# Prompt
From the records below, please repeat exactly the line that has "Truck with trailer : simulink/Logic", the line that has "Aerodynamic resistance/1 ->", and every line between them, and nothing else.

(Beginning of Supplied information)

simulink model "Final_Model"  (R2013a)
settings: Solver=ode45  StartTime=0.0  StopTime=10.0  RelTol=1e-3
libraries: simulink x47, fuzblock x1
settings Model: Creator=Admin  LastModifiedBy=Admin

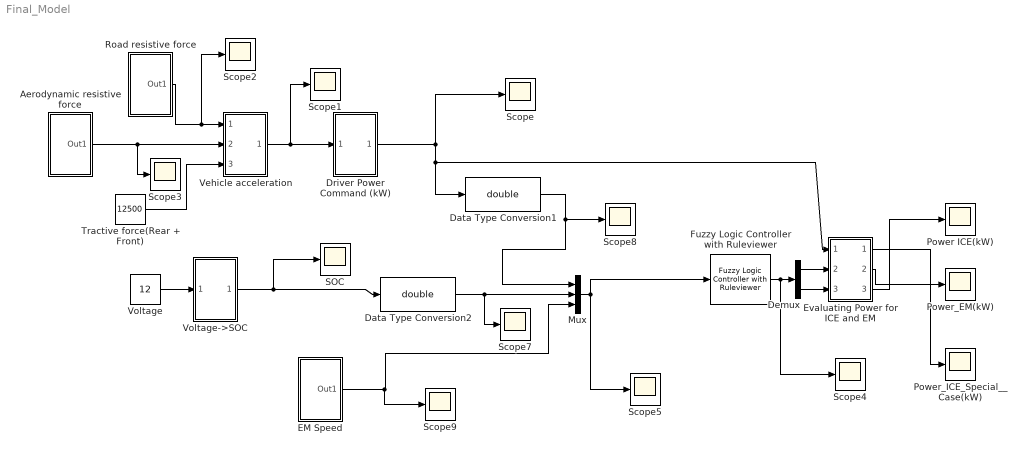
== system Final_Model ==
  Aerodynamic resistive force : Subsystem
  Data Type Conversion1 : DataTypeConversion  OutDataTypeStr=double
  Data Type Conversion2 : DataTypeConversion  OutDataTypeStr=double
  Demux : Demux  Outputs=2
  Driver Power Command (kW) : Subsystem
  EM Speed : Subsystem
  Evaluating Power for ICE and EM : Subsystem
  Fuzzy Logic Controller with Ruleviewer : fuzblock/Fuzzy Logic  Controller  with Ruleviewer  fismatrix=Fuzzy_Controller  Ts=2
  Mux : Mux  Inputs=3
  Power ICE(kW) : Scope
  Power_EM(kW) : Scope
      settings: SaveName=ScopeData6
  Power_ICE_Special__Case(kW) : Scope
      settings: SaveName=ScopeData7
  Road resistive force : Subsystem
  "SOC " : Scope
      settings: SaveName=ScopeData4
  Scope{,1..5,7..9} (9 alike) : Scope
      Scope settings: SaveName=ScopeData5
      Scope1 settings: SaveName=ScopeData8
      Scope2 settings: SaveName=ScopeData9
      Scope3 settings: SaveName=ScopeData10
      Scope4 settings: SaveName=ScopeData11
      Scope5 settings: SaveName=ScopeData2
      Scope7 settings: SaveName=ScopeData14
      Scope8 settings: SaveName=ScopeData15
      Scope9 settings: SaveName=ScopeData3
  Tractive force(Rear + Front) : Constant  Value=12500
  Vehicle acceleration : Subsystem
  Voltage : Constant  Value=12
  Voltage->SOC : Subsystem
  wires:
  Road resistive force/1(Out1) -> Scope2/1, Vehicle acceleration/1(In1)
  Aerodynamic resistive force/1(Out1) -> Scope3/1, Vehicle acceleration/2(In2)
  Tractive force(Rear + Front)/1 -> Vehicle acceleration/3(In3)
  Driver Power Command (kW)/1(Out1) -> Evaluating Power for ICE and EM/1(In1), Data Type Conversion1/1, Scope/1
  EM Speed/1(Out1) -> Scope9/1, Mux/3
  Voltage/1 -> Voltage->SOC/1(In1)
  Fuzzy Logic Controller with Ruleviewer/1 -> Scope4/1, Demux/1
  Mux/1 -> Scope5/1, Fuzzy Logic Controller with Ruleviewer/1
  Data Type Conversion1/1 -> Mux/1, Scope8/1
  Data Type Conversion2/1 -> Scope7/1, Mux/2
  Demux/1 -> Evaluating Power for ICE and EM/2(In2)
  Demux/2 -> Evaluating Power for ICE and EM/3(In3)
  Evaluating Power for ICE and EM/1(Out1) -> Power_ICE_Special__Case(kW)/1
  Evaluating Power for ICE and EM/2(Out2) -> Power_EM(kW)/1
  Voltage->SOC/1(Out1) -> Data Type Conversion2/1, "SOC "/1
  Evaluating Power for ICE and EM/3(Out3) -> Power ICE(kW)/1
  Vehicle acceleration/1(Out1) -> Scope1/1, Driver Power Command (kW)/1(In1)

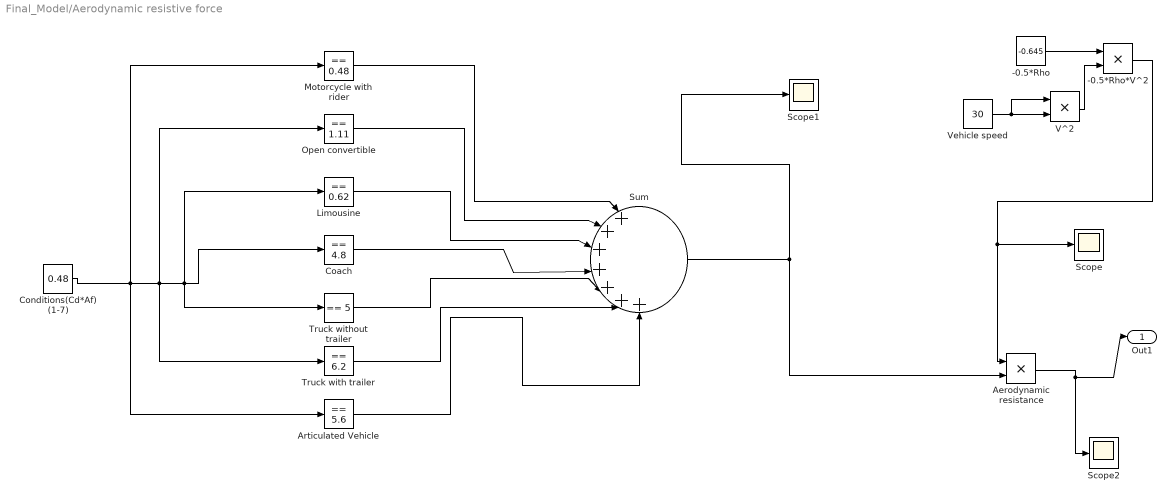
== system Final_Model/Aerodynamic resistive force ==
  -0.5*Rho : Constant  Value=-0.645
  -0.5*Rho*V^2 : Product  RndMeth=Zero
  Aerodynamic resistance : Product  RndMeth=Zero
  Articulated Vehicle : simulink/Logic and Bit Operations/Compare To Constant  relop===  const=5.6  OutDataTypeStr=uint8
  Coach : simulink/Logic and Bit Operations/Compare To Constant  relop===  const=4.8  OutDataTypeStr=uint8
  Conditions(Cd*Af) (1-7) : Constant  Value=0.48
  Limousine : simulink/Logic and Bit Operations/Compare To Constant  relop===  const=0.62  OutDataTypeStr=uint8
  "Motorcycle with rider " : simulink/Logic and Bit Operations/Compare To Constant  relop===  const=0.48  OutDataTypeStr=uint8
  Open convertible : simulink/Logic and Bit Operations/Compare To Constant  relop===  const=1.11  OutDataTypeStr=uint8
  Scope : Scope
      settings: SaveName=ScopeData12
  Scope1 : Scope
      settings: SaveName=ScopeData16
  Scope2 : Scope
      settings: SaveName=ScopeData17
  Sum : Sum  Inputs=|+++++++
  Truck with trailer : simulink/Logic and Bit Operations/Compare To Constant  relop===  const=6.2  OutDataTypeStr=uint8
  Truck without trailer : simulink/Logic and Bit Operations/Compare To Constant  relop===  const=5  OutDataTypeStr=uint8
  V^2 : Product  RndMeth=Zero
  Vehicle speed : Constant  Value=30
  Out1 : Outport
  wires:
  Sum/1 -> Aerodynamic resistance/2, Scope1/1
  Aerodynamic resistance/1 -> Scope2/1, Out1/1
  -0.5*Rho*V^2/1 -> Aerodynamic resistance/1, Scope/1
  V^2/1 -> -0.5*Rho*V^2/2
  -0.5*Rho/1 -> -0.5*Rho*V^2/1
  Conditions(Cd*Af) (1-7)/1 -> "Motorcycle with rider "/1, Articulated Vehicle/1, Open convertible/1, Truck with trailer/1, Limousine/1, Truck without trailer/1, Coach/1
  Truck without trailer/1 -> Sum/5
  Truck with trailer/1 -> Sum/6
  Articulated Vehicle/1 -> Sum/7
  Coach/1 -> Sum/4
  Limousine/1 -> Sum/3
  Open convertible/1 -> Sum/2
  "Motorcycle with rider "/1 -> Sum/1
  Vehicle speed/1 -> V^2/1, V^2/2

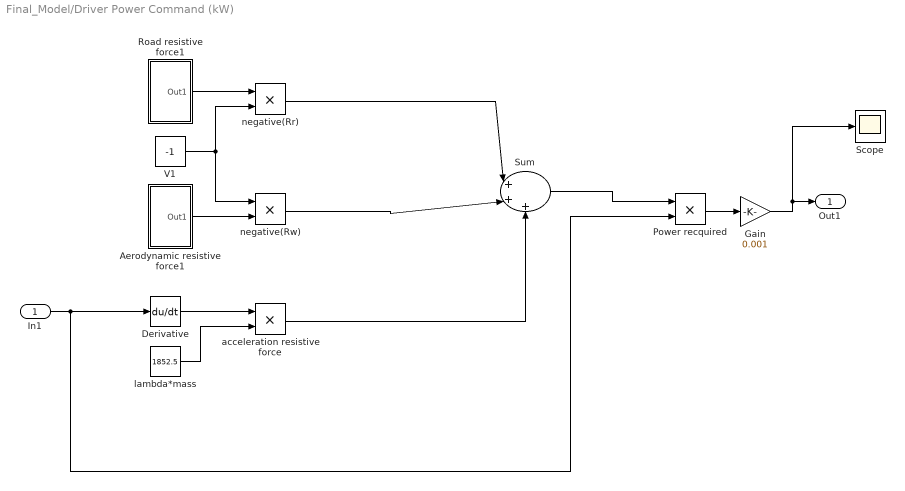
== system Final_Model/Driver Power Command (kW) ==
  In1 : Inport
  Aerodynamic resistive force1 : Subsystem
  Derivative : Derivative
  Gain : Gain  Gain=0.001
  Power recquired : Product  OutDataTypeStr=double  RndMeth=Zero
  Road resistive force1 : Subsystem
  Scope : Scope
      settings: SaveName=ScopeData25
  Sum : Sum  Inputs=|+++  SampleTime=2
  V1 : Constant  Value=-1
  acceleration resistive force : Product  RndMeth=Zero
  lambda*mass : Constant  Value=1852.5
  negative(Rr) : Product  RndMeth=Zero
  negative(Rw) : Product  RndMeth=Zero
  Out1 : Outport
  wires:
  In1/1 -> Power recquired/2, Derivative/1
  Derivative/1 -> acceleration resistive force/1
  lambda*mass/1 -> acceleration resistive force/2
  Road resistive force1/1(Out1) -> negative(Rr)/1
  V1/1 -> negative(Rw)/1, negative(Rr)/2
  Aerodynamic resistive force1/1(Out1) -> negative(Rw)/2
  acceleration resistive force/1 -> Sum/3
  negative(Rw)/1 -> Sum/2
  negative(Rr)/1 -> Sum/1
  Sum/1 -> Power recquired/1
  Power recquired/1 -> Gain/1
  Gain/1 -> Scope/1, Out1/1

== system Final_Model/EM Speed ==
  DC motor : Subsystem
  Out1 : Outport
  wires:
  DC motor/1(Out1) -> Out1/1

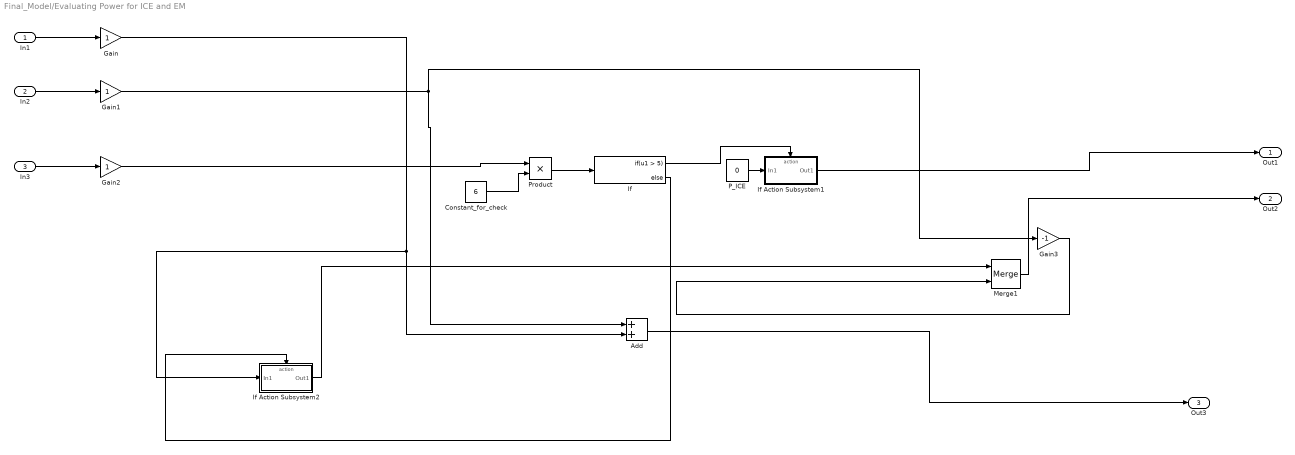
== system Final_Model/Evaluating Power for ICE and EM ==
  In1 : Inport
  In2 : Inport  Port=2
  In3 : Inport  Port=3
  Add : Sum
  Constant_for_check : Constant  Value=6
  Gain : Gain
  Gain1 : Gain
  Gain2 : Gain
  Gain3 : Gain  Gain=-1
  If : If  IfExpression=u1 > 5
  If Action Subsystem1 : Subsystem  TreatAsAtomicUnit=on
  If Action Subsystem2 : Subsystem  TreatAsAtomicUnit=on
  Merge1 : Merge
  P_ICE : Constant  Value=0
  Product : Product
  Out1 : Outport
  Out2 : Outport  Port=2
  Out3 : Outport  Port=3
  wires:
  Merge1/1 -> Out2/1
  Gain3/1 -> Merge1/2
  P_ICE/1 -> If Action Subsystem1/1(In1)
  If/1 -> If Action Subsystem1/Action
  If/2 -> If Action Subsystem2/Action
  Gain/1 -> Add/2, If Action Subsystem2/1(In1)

(End of Supplied information)

# Solution to this exercise
  Truck with trailer : simulink/Logic and Bit Operations/Compare To Constant  relop===  const=6.2  OutDataTypeStr=uint8
  Truck without trailer : simulink/Logic and Bit Operations/Compare To Constant  relop===  const=5  OutDataTypeStr=uint8
  V^2 : Product  RndMeth=Zero
  Vehicle speed : Constant  Value=30
  Out1 : Outport
  wires:
  Sum/1 -> Aerodynamic resistance/2, Scope1/1
  Aerodynamic resistance/1 -> Scope2/1, Out1/1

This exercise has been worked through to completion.